Plus, Instacart scammers are manipulating orders, and other news to start the day

Hands holding a McMuffin over a tray of McDonald’s breakfast and coffee.
McDonald’s, like many other fast-food chains, is seeing a breakfast slump.
Photo: AngieYeoh/Shutterstock

Fast-food chains are having trouble selling breakfast as people stay at home

Just a few months ago, it seemed like every other fast-food chain was ramping up for what some were calling the “breakfast wars.” Now, as much of the country is staying home, breakfast is “one of the industry’s worst-performing segments,” CNN reports.

With fewer customers out on the road, heading to work, or going through drive-thrus, breakfast sales have plummeted at chains like McDonald’s, Tim Hortons, and Taco Bell, Business Insider reports. The first meal of the day is “an easy meal to replace yourself if you’re doing your own cooking now,” IHOP president Jay Johns said on a recent call about the diner chain’s financial state, according to CNN.
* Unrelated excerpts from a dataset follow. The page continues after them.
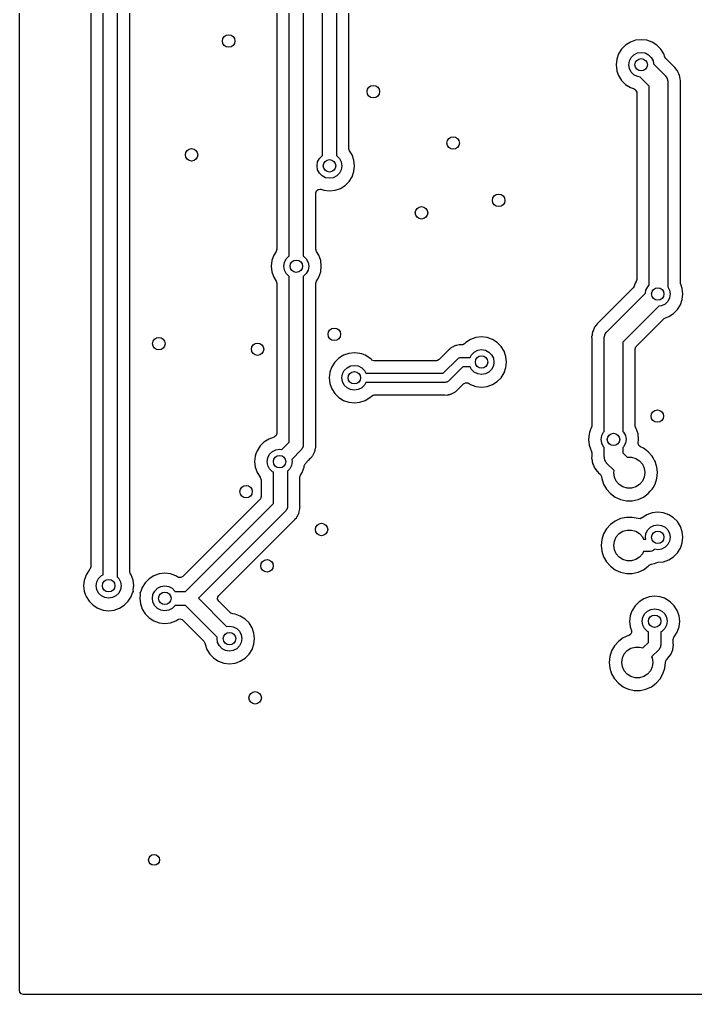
# Model space of a CAD drawing. Extents: x 0.23 to 2.97, y 0.23 to 2.17.
# Drawn here: x 0.23 to 1.085, y 0.23 to 1.463 of the extents above; entities that cross this region are included whole.
import ezdxf

# ---------------------------------------------------------------- set-up
doc = ezdxf.new("R2010")
doc.units = 0
doc.header["$MEASUREMENT"] = 0
doc.layers.add('BLACK', color=7, linetype='CONTINUOUS')

msp = doc.modelspace()

# ---------------------------------------------------------------- linework, layer by layer
at = {"layer": 'BLACK', "linetype": 'CONTINUOUS'}
for p, q in [((0.2297, 0.7469), (0.2297, 1.9688)), ((0.3357, 0.7608), (0.3357, 1.7149)), ((0.3199, 1.7136), (0.3199, 0.7709)), ((0.3534, 1.7112), (0.3534, 0.758)), ((0.3692, 0.7651), (0.3692, 1.7026)), ((0.5554, 1.607), (0.5554, 1.1725)), ((0.5711, 1.1639), (0.5711, 1.6083)), ((0.5889, 1.6046), (0.5889, 1.1639)), ((0.6131, 1.2909), (0.6131, 1.5933)), ((0.6309, 1.5896), (0.6309, 1.2909)), ((0.6466, 1.2995), (0.6466, 1.5811)), ((1.0028, 1.4344), (0.9968, 1.4307)), ((1.0095, 1.4368), (1.0028, 1.4344)), ((1.0028, 1.4344), (1.0028, 1.4344)), ((1.0165, 1.4376), (1.0095, 1.4368)), ((1.0095, 1.4368), (1.0095, 1.4368)), ((1.0095, 1.4368), (1.0095, 1.4368)), ((1.0236, 1.4368), (1.0165, 1.4376)), ((1.0303, 1.4344), (1.0236, 1.4368)), ((1.0363, 1.4307), (1.0303, 1.4344)), ((1.0303, 1.4344), (1.0303, 1.4344)), ((0.988, 1.4196), (0.9856, 1.4129)), ((0.9917, 1.4256), (0.988, 1.4196)), ((0.988, 1.4196), (0.988, 1.4196)), ((0.988, 1.4196), (0.988, 1.4196)), ((0.9968, 1.4307), (0.9917, 1.4256)), ((0.9917, 1.4256), (0.9917, 1.4256)), ((0.9968, 1.4307), (0.9968, 1.4307)), ((1.0038, 1.4151), (1.0073, 1.4186)), ((1.0073, 1.4186), (1.0117, 1.4208)), ((1.0117, 1.4208), (1.0165, 1.4216)), ((1.0165, 1.4216), (1.0214, 1.4208)), ((1.0214, 1.4208), (1.0258, 1.4186)), ((1.0258, 1.4186), (1.0293, 1.4151)), ((1.0413, 1.4256), (1.0363, 1.4307)), ((1.0363, 1.4307), (1.0363, 1.4307)), ((1.0451, 1.4196), (1.0413, 1.4256)), ((1.0413, 1.4256), (1.0413, 1.4256)), ((1.0465, 1.4156), (1.0451, 1.4196)), ((1.0451, 1.4196), (1.0451, 1.4196)), ((1.0451, 1.4196), (1.0451, 1.4196)), ((0.9856, 1.4129), (0.9848, 1.4059)), ((1.0008, 1.4059), (1.0016, 1.4107)), ((1.0016, 1.4107), (1.0038, 1.4151)), ((1.0293, 1.4151), (1.0315, 1.4107)), ((1.0315, 1.4107), (1.0321, 1.407)), ((1.0321, 1.407), (1.0469, 1.3922)), ((1.0477, 1.4137), (1.0465, 1.4156)), ((1.0574, 1.404), (1.0477, 1.4137)), ((0.9848, 1.4059), (0.9856, 1.3988)), ((0.9856, 1.3988), (0.9859, 1.3979)), ((0.9859, 1.3979), (0.988, 1.3921)), ((1.0016, 1.401), (1.0008, 1.4059)), ((1.0038, 1.3966), (1.0016, 1.401)), ((1.0073, 1.3931), (1.0038, 1.3966)), ((1.0575, 1.4039), (1.0574, 1.404)), ((1.0593, 1.4023), (1.0575, 1.4039)), ((1.0607, 1.4003), (1.0593, 1.4023)), ((1.0593, 1.4023), (1.0593, 1.4023)), ((1.0608, 1.4002), (1.0607, 1.4003)), ((1.0615, 1.3992), (1.0608, 1.4002)), ((1.0623, 1.3982), (1.0615, 1.3992)), ((1.0625, 1.3979), (1.0623, 1.3982)), ((1.0629, 1.3971), (1.0625, 1.3979)), ((1.0631, 1.3968), (1.0629, 1.3971)), ((1.064, 1.3945), (1.0631, 1.3968)), ((1.0641, 1.3943), (1.064, 1.3945)), ((1.0651, 1.3921), (1.0641, 1.3943)), ((0.988, 1.3921), (0.988, 1.3921)), ((0.988, 1.3921), (0.9917, 1.3861)), ((0.9917, 1.3861), (0.9917, 1.3861)), ((0.9917, 1.3861), (0.9968, 1.3811)), ((1.0117, 1.3909), (1.0073, 1.3931)), ((1.0154, 1.3903), (1.0117, 1.3909)), ((1.0267, 1.379), (1.0154, 1.3903)), ((1.0469, 1.3922), (1.0471, 1.3919)), ((1.0471, 1.3919), (1.0473, 1.3918)), ((1.0473, 1.3918), (1.0474, 1.3916)), ((1.0474, 1.3916), (1.0483, 1.3905)), ((1.0483, 1.3905), (1.0488, 1.3893)), ((1.0488, 1.3893), (1.0496, 1.3881)), ((1.0496, 1.3881), (1.0497, 1.3873)), ((1.0497, 1.3873), (1.05, 1.3866)), ((1.05, 1.3866), (1.0501, 1.3852)), ((1.0501, 1.3852), (1.0504, 1.3839)), ((1.0504, 1.3839), (1.0504, 1.125)), ((1.0651, 1.3917), (1.0651, 1.3921)), ((1.0654, 1.3909), (1.0651, 1.3917)), ((1.0655, 1.3905), (1.0654, 1.3909)), ((1.0658, 1.3881), (1.0655, 1.3905)), ((1.0658, 1.3879), (1.0658, 1.3881)), ((1.0663, 1.3855), (1.0658, 1.3879)), ((1.0661, 1.3831), (1.0663, 1.3855)), ((1.0661, 1.3829), (1.0661, 1.3831)), ((1.0661, 1.274), (1.0661, 1.3829)), ((0.9968, 1.3811), (0.9968, 1.3811)), ((0.9968, 1.3811), (1.0028, 1.3773)), ((1.0028, 1.3773), (1.0028, 1.3773)), ((1.0028, 1.3773), (1.0028, 1.3773)), ((1.0028, 1.3773), (1.0068, 1.3759)), ((1.0068, 1.3759), (1.0087, 1.3747)), ((1.0087, 1.3747), (1.0095, 1.3739)), ((1.0095, 1.3739), (1.0109, 1.3714)), ((1.0109, 1.3714), (1.011, 1.3704)), ((1.011, 1.3704), (1.011, 1.1342)), ((1.0267, 1.127), (1.0267, 1.379)), ((0.6474, 1.2968), (0.6466, 1.2995)), ((0.6506, 1.2918), (0.6474, 1.2968)), ((0.6063, 1.278), (0.607, 1.2829)), ((0.607, 1.2829), (0.6093, 1.2873)), ((0.6093, 1.2873), (0.6127, 1.2907)), ((0.6127, 1.2907), (0.6131, 1.2909)), ((0.6309, 1.2909), (0.6313, 1.2907)), ((0.6313, 1.2907), (0.6347, 1.2873)), ((0.6347, 1.2873), (0.637, 1.2829)), ((0.637, 1.2829), (0.6377, 1.278)), ((0.6529, 1.2851), (0.6506, 1.2918)), ((0.6506, 1.2918), (0.6506, 1.2918)), ((0.6506, 1.2918), (0.6506, 1.2918)), ((0.6537, 1.278), (0.6529, 1.2851)), ((0.607, 1.2731), (0.6063, 1.278)), ((0.6093, 1.2687), (0.607, 1.2731)), ((0.637, 1.2731), (0.6347, 1.2687)), ((0.6377, 1.278), (0.637, 1.2731)), ((0.6506, 1.2642), (0.6529, 1.2709)), ((0.6529, 1.2709), (0.6537, 1.278)), ((1.0661, 1.1304), (1.0661, 1.274)), ((0.6127, 1.2653), (0.6093, 1.2687)), ((0.6171, 1.263), (0.6127, 1.2653)), ((0.622, 1.2623), (0.6171, 1.263)), ((0.6269, 1.263), (0.622, 1.2623)), ((0.6313, 1.2653), (0.6269, 1.263)), ((0.6347, 1.2687), (0.6313, 1.2653)), ((0.6418, 1.2532), (0.6468, 1.2582)), ((0.6468, 1.2582), (0.6506, 1.2642)), ((0.6046, 1.2437), (0.6054, 1.2464)), ((0.6054, 1.2464), (0.6075, 1.2482)), ((0.6075, 1.2482), (0.6103, 1.2486)), ((0.6103, 1.2486), (0.6112, 1.2484)), ((0.6112, 1.2484), (0.6149, 1.2471)), ((0.6149, 1.2471), (0.622, 1.2463)), ((0.622, 1.2463), (0.6291, 1.2471)), ((0.6291, 1.2471), (0.6358, 1.2494)), ((0.6358, 1.2494), (0.6418, 1.2532)), ((0.6046, 1.1725), (0.6046, 1.2437)), ((0.5554, 1.1725), (0.5546, 1.1698)), ((0.6054, 1.1698), (0.6046, 1.1725)), ((0.5508, 1.1629), (0.5491, 1.1581)), ((0.5514, 1.1648), (0.5508, 1.1629)), ((0.5546, 1.1698), (0.5514, 1.1648)), ((0.5514, 1.1648), (0.5514, 1.1648)), ((0.565, 1.1559), (0.5673, 1.1603)), ((0.5673, 1.1603), (0.5707, 1.1637)), ((0.5707, 1.1637), (0.5711, 1.1639)), ((0.5889, 1.1639), (0.5893, 1.1637)), ((0.5893, 1.1637), (0.5927, 1.1603)), ((0.5927, 1.1603), (0.595, 1.1559)), ((0.6086, 1.1648), (0.6054, 1.1698)), ((0.6109, 1.1581), (0.6086, 1.1648)), ((0.6086, 1.1648), (0.6086, 1.1648)), ((0.6086, 1.1648), (0.6086, 1.1648)), ((0.5491, 1.1581), (0.5483, 1.151)), ((0.5483, 1.151), (0.5491, 1.1439)), ((0.5643, 1.151), (0.565, 1.1559)), ((0.565, 1.1461), (0.5643, 1.151)), ((0.595, 1.1559), (0.5957, 1.151)), ((0.5957, 1.151), (0.595, 1.1461)), ((0.6117, 1.151), (0.6109, 1.1581)), ((0.6109, 1.1439), (0.6117, 1.151)), ((0.5491, 1.1439), (0.5508, 1.1391)), ((0.5508, 1.1391), (0.5514, 1.1372)), ((0.5514, 1.1372), (0.5514, 1.1372)), ((0.5514, 1.1372), (0.5546, 1.1322)), ((0.5673, 1.1417), (0.565, 1.1461)), ((0.5707, 1.1383), (0.5673, 1.1417)), ((0.5711, 1.1381), (0.5707, 1.1383)), ((0.5711, 0.9286), (0.5711, 1.1381)), ((0.5893, 1.1383), (0.5889, 1.1381)), ((0.5889, 1.1381), (0.5889, 0.9249)), ((0.5927, 1.1417), (0.5893, 1.1383)), ((0.595, 1.1461), (0.5927, 1.1417)), ((0.6067, 1.1342), (0.6086, 1.1372)), ((0.6086, 1.1372), (0.6109, 1.1439)), ((0.5546, 1.1322), (0.5554, 1.1295)), ((0.5554, 1.1295), (0.5554, 0.9395)), ((0.6046, 1.1295), (0.6054, 1.1322)), ((0.6046, 1.0099), (0.6046, 1.1295)), ((0.6054, 1.1322), (0.6067, 1.1342)), ((1.0064, 1.1237), (0.9627, 1.08)), ((1.0075, 1.1256), (1.0064, 1.1237)), ((1.009, 1.1296), (1.0075, 1.1256)), ((1.0102, 1.1316), (1.009, 1.1296)), ((1.011, 1.1342), (1.0102, 1.1316)), ((1.0226, 1.1207), (1.0248, 1.1251)), ((1.0248, 1.1251), (1.0267, 1.127)), ((1.0504, 1.125), (1.0525, 1.1207)), ((1.0664, 1.1288), (1.0661, 1.1304)), ((1.0665, 1.1284), (1.0664, 1.1288)), ((1.0685, 1.1229), (1.0665, 1.1284)), ((1.0693, 1.1159), (1.0685, 1.1229)), ((0.9732, 1.0682), (1.022, 1.117)), ((1.022, 1.117), (1.0226, 1.1207)), ((1.0525, 1.111), (1.0503, 1.1066)), ((1.0525, 1.1207), (1.0533, 1.1159)), ((1.0533, 1.1159), (1.0525, 1.111)), ((1.0685, 1.1088), (1.0693, 1.1159)), ((1.0387, 1.1003), (0.9934, 1.055)), ((1.0424, 1.1009), (1.0387, 1.1003)), ((1.0468, 1.1031), (1.0424, 1.1009)), ((1.0503, 1.1066), (1.0468, 1.1031)), ((1.0623, 1.0961), (1.0661, 1.1021)), ((1.0661, 1.1021), (1.0685, 1.1088)), ((1.0454, 1.0847), (1.0472, 1.0859)), ((1.0472, 1.0859), (1.0513, 1.0873)), ((1.0513, 1.0873), (1.0573, 1.0911)), ((1.0573, 1.0911), (1.0623, 1.0961)), ((0.9572, 1.0731), (0.9569, 1.0728)), ((0.9576, 1.0739), (0.9572, 1.0731)), ((0.9578, 1.0742), (0.9576, 1.0739)), ((0.9593, 1.0762), (0.9578, 1.0742)), ((0.9578, 1.0742), (0.9578, 1.0742)), ((0.9594, 1.0763), (0.9593, 1.0762)), ((0.9607, 1.0783), (0.9594, 1.0763)), ((0.9626, 1.0799), (0.9607, 1.0783)), ((0.9607, 1.0783), (0.9607, 1.0783)), ((0.9627, 1.08), (0.9626, 1.0799)), ((1.0106, 1.0499), (1.0454, 1.0847)), ((0.8145, 1.0615), (0.8074, 1.0607)), ((0.8215, 1.0607), (0.8145, 1.0615)), ((0.9543, 1.0639), (0.9538, 1.0616)), ((0.9538, 1.0616), (0.9538, 1.0615)), ((0.9538, 1.0615), (0.9539, 1.0596)), ((0.9546, 1.0665), (0.9543, 1.0641)), ((0.9543, 1.0641), (0.9543, 1.0639)), ((0.9547, 1.0669), (0.9546, 1.0665)), ((0.9546, 1.0665), (0.9546, 1.0665)), ((0.9549, 1.0677), (0.9547, 1.0669)), ((0.955, 1.0681), (0.9549, 1.0677)), ((0.956, 1.0703), (0.955, 1.0681)), ((0.955, 1.0681), (0.955, 1.0681)), ((0.9561, 1.0705), (0.956, 1.0703)), ((0.9569, 1.0728), (0.9561, 1.0705)), ((0.9698, 1.0607), (0.9699, 1.062)), ((0.9699, 1.062), (0.9704, 1.0633)), ((0.9704, 1.0633), (0.9707, 1.0646)), ((0.9707, 1.0646), (0.9712, 1.0653)), ((0.9712, 1.0653), (0.9715, 1.0661)), ((0.9715, 1.0661), (0.9724, 1.0671)), ((0.9724, 1.0671), (0.9732, 1.0682)), ((0.7771, 1.0485), (0.7766, 1.0481)), ((0.7787, 1.0492), (0.7771, 1.0485)), ((0.7789, 1.0493), (0.7787, 1.0492)), ((0.7805, 1.0502), (0.7789, 1.0493)), ((0.7811, 1.0503), (0.7805, 1.0502)), ((0.7805, 1.0502), (0.7805, 1.0502)), ((0.7819, 1.0506), (0.7811, 1.0503)), ((0.7826, 1.0509), (0.7819, 1.0506)), ((0.7843, 1.0511), (0.7826, 1.0509)), ((0.7826, 1.0509), (0.7826, 1.0509)), ((0.7846, 1.0512), (0.7843, 1.0511)), ((0.7862, 1.0516), (0.7846, 1.0512)), ((0.7889, 1.0515), (0.7862, 1.0516)), ((0.7862, 1.0516), (0.7862, 1.0516)), ((0.7895, 1.0515), (0.7889, 1.0515)), ((0.7906, 1.0516), (0.7895, 1.0515)), ((0.793, 1.0529), (0.7906, 1.0516)), ((0.7947, 1.0546), (0.793, 1.0529)), ((0.8007, 1.0584), (0.7947, 1.0546)), ((0.7947, 1.0546), (0.7947, 1.0546)), ((0.7947, 1.0546), (0.7947, 1.0546)), ((0.8074, 1.0607), (0.8007, 1.0584)), ((0.8007, 1.0584), (0.8007, 1.0584)), ((0.8074, 1.0607), (0.8074, 1.0607)), ((0.8074, 1.0607), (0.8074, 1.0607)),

One exception in the bleak fast-food breakfast landscape is Wendy’s. Per Business Insider, Wendy’s saw success from aggressively promoting its nationwide breakfast rollout in early March, before cities and states began ordering people to shelter in place amid the coronavirus pandemic. The breakfast-related boost — to the tune of a 16 percent increase in same-store sales during launch week — helped Wendy’s cushion the slump in sales that fast-food chains and other restaurants saw in late March, with the morning offering making up 8 percent of Wendy’s sales and already proving profitable.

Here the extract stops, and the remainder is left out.